Freeman Dyson on Do-It-Yourself Biotech and Extraterrestrial Life

Physicist Freeman Dyson gave a TED talk where he suggests that in the future there will be do-it-yourself biotechnology kits for the home geneticist, and that this is a necessary for the future acceptance of biotech by the general population.

“We should follow the model that has been so successful with the electronic industry.” Dyson said. “What really turned computers into a great success in the world as a whole was toys. As soon as computers became toys, when the kids could come home and play with them, then the industry took off. That has to happen with biotech.”
He does acknowledge that he doesn't really know that much about biotechnology, and so it's understandable that he misses an important point: biotech "toys" involve the manipulation of living and (often) breathing life forms. Accidentally creating an genetically engineered dog that is in constant pain is fundamentally different than mis-soldering a capacitor to a motherboard. And the release of genetically engineered animals, plants and microbes has the potential to cause significant environmental damage. Messing with biology just isn't the same as toying with electronics.

The rest of Dyson's talk mostly focuses about the search for extraterrestrial life on Europa by shining a bright light on the surface, which is kind of a nifty if unlikely to be successful idea. "Look for what is detectable, not for what is probable" is his philosophy.
Hopefully, if we do end up finding life on Europa it goes a bit better than Clarke predicted in 2010: Odyssey Two, where humans are ordered to stay away from that moon so as not to disturb the life there.

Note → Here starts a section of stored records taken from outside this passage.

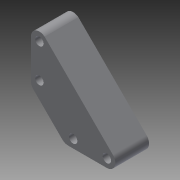
# Autodesk Inventor part: Corner
Saved by Autodesk Inventor 2014 (Build 180170000, 170)
## iProperties
Created: 2014-01-06
Part Number: Corner
Material: Generic
Document SubType Name: Modeling
Designer: Tristan Debrunner
Density: 1 g/cm^3
Appearance: Default
Author: Tristan Debrunner
Autodesk Inventor part; units mm, degrees
ref_plane "YZ Plane" through (0, 0, 0) normal (1, 0, 0) x (0, 1, 0)
ref_plane "XZ Plane" through (0, 0, 0) normal (0, 1, 0) x (-1, 0, 0)
ref_plane "XY Plane" through (0, 0, 0) normal (0, 0, 1) x (1, 0, 0)
sketch "Sketch1" plane through (0, 0, 0) normal (0, 0, 1) x (1, 0, 0)
  line L0 (21.6803, -6.35) -> (50.8, -6.35)
  arc A0 (50.8, -6.35) -> (55.2876, 4.4927) centre (50.8, 0) ccw
  line L1 (-4.4901, 17.1901) -> (17.1901, -4.4901)
  line L2 (-6.35, 21.6803) -> (-6.35, 50.8)
  arc A1 (4.9675, 54.7556) -> (-6.35, 50.8) centre (0, 50.8) ccw
  line L3 (3.9499, 55.772) -> (55.2876, 4.4927)
  arc A2 (-6.35, 21.6803) -> (-4.4901, 17.1901) centre (0, 21.6803) ccw
  arc A3 (17.1901, -4.4901) -> (21.6803, -6.35) centre (21.6803, 0) ccw
  circle A4 centre (0, 50.8) radius 3.175
  circle A5 centre (0, 25.4) radius 3.175
  circle A6 centre (25.4, 0) radius 3.175
  circle A7 centre (50.8, 0) radius 3.175
  point P0 (0, 0)
  dimension "d6" = 6.35
  dimension "d7" = 6.35
  dimension "d8" = 6.35
  dimension "d9" = 6.35
  dimension "d10" = 6.35
  constraints: 9 point on circle, 8 centre point, 8 end point, 6 coincident, 5 tangent, 1 equal radius, 1 perpendicular, 1 point on line
  measures "d6" radius of A2
  measures "d7" diameter of A4
  measures "d8" diameter of A5
  measures "d9" diameter of A6
  measures "d10" diameter of A7
extrude "Extrusion1" add sketch "Sketch1" along normal blind 25.4 contours A3 L1 A2 L2 A1 L3 A0 L0
body "Solid1"

The last bit of Dyson's talk is about possible life in the Kuiper belt, which - if it exists at all - he believes will be quite widespread. Such life would be adapted to living in the extremely cold vacuum of space. This is not a new idea from him. In a talk he gave in 2000, he not only talked about the possibility that life that already exists among the asteroids, but that Earth life might be adapted to live under those conditions too:
The jump from breathing air to living in a vacuum is no greater than the jump from breathing water to breathing air. Plants and animals will need some genetic engineering to be at home in a vacuum. Plants will need new organs of photosynthesis that produce liquid or solid peroxides instead of oxygen gas. Animals will need new organs of respiration to take in oxygen in the form of peroxides instead of from air. Instead of lungs, animals would have an organ like a liver that dissociates peroxides slowly into molecular oxygen and feeds the oxygen into the blood.
Both plants and animals will need stronger skin to hold internal pressure and prevent their blood from boiling. The vapor pressure of water at blood temperature is quite small, so the skin will not need to be thick to hold it. In cold places far from the sun, animals will need thicker layers of fur and plants will need thicker layers of bark to provide thermal insulation. This will be a challenge for plant and animal breeders, but with a mastery of the techniques of genetic engineering they should be able to do it.
While that sounds fairly far-fetched, perhaps children that grow up playing with bioengineering kits will be able to solve any technical problems for developing life adapted to space.